What is required:
From the data that follows, print exactly the lines starting at the one containing "A_DCLINK_current_rms : ToWorkspace" and ending at the one containing "alike) : BusCreator"; include both of them and nothing more.

Supplied material:

++++

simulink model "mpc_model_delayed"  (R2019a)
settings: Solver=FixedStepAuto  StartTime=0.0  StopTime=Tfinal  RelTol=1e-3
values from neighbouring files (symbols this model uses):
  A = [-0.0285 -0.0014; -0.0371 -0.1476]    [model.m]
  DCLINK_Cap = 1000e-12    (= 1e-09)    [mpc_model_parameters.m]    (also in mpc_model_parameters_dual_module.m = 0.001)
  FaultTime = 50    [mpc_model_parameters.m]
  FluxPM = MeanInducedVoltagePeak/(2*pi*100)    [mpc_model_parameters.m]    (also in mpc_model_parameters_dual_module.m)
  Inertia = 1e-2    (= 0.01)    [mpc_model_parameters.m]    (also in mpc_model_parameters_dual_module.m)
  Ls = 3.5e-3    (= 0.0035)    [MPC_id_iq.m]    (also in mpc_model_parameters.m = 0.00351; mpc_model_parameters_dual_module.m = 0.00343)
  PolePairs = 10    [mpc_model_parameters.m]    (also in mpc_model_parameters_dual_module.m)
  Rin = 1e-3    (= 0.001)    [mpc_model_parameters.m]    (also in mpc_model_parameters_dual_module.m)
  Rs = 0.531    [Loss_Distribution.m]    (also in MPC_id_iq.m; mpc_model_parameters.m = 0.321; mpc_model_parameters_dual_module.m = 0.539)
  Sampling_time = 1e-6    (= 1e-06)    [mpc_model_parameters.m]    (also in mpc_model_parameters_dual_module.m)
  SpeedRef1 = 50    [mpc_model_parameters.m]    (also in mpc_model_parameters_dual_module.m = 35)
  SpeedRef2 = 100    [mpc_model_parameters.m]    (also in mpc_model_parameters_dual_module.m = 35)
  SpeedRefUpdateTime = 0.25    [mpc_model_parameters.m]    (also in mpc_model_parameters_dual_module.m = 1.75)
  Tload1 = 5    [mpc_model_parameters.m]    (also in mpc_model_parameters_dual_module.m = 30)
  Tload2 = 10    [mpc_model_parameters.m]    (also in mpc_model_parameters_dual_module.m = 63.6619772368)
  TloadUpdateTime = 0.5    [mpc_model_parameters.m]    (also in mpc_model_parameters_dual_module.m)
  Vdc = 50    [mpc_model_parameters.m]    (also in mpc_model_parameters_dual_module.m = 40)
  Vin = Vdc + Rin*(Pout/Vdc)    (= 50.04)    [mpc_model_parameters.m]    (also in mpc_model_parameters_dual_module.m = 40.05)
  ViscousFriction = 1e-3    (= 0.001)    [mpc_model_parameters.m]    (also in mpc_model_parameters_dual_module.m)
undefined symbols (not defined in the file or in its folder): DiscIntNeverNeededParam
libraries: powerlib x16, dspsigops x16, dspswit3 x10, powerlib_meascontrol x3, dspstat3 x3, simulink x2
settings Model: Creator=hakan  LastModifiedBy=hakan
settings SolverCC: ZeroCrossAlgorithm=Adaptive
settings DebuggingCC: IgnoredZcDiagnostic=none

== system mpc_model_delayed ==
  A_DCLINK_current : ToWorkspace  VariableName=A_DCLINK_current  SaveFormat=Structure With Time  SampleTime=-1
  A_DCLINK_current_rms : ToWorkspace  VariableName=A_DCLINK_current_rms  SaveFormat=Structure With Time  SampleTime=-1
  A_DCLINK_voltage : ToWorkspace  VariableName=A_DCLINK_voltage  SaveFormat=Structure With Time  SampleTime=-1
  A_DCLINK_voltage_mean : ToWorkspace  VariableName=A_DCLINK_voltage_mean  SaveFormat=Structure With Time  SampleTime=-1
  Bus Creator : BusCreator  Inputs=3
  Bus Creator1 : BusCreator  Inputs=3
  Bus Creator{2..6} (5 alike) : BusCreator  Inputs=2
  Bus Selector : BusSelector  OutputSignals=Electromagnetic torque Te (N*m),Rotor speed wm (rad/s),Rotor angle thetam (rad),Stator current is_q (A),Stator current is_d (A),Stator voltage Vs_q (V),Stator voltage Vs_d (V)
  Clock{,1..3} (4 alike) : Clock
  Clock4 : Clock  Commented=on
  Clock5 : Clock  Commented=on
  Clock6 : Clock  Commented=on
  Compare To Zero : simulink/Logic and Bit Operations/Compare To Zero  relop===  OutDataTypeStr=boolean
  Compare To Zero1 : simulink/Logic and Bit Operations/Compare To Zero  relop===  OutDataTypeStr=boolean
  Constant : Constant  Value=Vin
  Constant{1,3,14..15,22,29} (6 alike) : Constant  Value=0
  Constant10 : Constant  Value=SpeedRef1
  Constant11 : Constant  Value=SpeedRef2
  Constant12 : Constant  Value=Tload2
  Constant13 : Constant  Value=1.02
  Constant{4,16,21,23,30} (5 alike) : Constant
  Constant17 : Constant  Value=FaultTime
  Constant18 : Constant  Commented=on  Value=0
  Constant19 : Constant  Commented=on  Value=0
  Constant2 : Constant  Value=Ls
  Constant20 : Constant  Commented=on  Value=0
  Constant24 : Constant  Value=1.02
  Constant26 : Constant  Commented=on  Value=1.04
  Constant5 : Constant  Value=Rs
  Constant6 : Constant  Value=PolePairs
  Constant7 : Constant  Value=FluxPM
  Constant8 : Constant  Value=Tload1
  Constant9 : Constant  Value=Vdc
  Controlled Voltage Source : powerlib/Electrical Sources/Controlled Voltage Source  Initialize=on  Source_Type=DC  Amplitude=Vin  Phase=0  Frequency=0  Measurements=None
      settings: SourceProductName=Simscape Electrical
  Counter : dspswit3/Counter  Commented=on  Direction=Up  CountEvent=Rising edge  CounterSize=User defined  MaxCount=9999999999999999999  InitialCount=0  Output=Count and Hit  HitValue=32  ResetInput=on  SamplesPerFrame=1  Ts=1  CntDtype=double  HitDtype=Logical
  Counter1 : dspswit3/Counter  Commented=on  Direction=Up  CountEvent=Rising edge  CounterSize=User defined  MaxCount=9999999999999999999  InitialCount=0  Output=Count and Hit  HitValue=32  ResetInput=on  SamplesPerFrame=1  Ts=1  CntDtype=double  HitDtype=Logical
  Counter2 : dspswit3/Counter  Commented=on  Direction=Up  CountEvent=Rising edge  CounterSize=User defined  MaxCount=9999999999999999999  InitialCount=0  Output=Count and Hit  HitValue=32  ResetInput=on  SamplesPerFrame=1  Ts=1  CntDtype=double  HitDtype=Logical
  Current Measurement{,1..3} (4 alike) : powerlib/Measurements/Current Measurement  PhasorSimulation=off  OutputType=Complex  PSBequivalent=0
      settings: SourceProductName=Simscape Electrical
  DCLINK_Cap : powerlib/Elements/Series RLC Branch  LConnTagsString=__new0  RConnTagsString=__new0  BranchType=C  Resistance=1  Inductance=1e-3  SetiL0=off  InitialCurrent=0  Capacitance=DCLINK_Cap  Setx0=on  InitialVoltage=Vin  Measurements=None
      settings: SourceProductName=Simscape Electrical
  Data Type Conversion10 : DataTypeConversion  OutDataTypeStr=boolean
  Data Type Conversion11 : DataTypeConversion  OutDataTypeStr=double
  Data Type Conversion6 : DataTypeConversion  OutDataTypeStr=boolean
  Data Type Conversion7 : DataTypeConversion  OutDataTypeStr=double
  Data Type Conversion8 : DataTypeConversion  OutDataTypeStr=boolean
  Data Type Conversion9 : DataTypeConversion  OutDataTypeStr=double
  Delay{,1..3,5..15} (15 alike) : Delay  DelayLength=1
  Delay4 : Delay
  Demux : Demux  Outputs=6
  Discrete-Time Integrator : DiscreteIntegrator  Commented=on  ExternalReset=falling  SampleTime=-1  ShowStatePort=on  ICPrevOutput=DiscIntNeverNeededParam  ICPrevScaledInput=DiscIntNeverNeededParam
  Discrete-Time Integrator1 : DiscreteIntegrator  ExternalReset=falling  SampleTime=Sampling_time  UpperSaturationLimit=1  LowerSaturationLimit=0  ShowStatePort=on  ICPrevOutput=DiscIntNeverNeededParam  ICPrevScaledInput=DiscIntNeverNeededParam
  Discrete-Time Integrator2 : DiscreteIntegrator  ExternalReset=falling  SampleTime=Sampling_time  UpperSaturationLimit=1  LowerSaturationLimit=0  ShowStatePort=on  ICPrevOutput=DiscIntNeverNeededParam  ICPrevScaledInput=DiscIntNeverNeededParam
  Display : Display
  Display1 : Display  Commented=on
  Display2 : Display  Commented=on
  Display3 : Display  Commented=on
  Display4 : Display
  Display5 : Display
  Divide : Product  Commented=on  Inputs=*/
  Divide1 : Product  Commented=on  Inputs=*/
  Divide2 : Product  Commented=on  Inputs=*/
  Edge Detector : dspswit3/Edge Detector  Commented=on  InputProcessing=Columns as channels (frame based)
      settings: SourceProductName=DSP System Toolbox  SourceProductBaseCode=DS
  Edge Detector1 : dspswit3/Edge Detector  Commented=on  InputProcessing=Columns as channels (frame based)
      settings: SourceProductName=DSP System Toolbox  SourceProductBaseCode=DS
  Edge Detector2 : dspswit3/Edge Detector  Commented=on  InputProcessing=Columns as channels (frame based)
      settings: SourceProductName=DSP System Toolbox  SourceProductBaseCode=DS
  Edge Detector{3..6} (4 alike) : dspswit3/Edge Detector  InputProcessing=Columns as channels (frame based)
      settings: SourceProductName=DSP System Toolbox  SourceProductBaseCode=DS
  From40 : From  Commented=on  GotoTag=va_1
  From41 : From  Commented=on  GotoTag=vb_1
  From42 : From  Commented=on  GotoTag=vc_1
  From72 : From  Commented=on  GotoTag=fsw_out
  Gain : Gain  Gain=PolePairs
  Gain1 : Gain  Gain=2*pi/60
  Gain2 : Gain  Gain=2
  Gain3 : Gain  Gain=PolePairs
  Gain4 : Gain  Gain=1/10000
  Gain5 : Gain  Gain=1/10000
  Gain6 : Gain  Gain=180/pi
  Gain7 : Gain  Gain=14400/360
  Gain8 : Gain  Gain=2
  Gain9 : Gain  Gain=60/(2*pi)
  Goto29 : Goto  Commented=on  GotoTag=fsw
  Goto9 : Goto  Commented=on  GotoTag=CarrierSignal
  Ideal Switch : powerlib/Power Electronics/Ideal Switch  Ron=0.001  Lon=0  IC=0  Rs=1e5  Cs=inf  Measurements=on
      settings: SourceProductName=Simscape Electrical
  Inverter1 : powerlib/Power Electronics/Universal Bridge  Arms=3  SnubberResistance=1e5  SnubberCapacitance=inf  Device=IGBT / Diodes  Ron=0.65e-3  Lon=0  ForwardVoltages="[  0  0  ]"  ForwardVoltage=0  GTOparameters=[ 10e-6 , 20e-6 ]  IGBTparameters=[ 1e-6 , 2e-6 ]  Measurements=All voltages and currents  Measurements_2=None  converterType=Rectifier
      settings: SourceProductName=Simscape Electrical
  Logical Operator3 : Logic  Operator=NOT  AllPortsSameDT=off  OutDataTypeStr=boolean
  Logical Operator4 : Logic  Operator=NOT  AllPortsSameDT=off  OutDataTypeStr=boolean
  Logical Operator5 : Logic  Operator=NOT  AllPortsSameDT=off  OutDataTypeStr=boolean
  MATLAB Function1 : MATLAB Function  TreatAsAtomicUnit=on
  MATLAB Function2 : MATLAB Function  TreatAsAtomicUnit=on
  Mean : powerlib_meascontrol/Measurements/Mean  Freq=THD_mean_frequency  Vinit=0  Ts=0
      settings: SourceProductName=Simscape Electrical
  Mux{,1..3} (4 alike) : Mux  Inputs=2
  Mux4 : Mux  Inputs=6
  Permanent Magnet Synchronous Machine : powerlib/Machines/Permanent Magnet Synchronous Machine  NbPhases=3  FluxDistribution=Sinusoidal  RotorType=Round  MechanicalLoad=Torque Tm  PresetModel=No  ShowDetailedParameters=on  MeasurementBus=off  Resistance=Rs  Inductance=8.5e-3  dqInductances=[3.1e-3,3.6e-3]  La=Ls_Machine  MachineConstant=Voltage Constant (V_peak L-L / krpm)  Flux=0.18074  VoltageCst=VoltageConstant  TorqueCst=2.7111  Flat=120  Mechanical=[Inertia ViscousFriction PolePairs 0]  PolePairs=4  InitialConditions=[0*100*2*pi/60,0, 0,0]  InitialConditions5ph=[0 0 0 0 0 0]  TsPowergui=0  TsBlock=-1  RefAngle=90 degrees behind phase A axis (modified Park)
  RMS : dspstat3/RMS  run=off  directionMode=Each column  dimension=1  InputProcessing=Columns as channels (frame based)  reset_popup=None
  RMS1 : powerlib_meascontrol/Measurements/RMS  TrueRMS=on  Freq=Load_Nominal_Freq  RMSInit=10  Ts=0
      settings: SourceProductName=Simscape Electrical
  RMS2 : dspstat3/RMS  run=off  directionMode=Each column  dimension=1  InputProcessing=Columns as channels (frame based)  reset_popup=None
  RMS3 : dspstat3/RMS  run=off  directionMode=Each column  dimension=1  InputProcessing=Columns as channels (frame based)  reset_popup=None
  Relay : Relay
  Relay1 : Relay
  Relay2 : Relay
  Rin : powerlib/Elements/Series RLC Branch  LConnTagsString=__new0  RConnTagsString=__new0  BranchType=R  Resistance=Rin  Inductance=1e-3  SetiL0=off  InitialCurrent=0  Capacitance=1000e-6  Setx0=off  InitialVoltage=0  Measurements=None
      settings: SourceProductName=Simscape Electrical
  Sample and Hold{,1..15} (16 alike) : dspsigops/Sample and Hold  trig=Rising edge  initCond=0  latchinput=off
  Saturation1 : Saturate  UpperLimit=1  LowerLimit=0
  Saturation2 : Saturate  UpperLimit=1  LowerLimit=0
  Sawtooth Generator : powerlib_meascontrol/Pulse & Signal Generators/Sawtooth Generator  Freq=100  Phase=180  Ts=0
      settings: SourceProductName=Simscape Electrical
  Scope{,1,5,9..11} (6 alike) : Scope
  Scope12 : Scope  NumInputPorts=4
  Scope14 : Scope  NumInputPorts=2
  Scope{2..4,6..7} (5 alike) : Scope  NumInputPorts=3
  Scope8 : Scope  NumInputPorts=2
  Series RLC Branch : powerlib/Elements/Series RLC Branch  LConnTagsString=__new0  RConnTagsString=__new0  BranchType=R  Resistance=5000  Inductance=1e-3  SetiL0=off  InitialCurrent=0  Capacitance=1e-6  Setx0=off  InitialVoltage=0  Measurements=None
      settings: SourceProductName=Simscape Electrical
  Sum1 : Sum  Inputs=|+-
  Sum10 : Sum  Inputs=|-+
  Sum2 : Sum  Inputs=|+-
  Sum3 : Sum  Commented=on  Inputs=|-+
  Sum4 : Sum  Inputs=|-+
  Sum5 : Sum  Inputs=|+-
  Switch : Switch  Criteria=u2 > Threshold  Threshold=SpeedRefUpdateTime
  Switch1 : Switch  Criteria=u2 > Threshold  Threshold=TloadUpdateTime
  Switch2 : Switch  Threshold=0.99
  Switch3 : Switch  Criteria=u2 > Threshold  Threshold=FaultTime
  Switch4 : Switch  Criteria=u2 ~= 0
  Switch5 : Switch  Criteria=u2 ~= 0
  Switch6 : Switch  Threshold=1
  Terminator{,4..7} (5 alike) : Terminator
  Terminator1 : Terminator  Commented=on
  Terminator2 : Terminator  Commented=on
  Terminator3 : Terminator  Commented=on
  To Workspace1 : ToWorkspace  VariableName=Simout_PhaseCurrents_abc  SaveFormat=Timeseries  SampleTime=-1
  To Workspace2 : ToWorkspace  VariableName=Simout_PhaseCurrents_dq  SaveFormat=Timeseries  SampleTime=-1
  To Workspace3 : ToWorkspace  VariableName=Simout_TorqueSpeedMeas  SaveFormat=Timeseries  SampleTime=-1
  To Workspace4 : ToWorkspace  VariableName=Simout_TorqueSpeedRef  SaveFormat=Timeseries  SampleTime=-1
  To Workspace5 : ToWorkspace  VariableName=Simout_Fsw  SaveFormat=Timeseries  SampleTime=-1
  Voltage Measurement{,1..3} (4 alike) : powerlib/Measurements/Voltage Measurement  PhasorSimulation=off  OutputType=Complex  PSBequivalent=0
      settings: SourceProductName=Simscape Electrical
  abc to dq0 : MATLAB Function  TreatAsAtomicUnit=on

++++

Output for this exercise:
  A_DCLINK_current_rms : ToWorkspace  VariableName=A_DCLINK_current_rms  SaveFormat=Structure With Time  SampleTime=-1
  A_DCLINK_voltage : ToWorkspace  VariableName=A_DCLINK_voltage  SaveFormat=Structure With Time  SampleTime=-1
  A_DCLINK_voltage_mean : ToWorkspace  VariableName=A_DCLINK_voltage_mean  SaveFormat=Structure With Time  SampleTime=-1
  Bus Creator : BusCreator  Inputs=3
  Bus Creator1 : BusCreator  Inputs=3
  Bus Creator{2..6} (5 alike) : BusCreator  Inputs=2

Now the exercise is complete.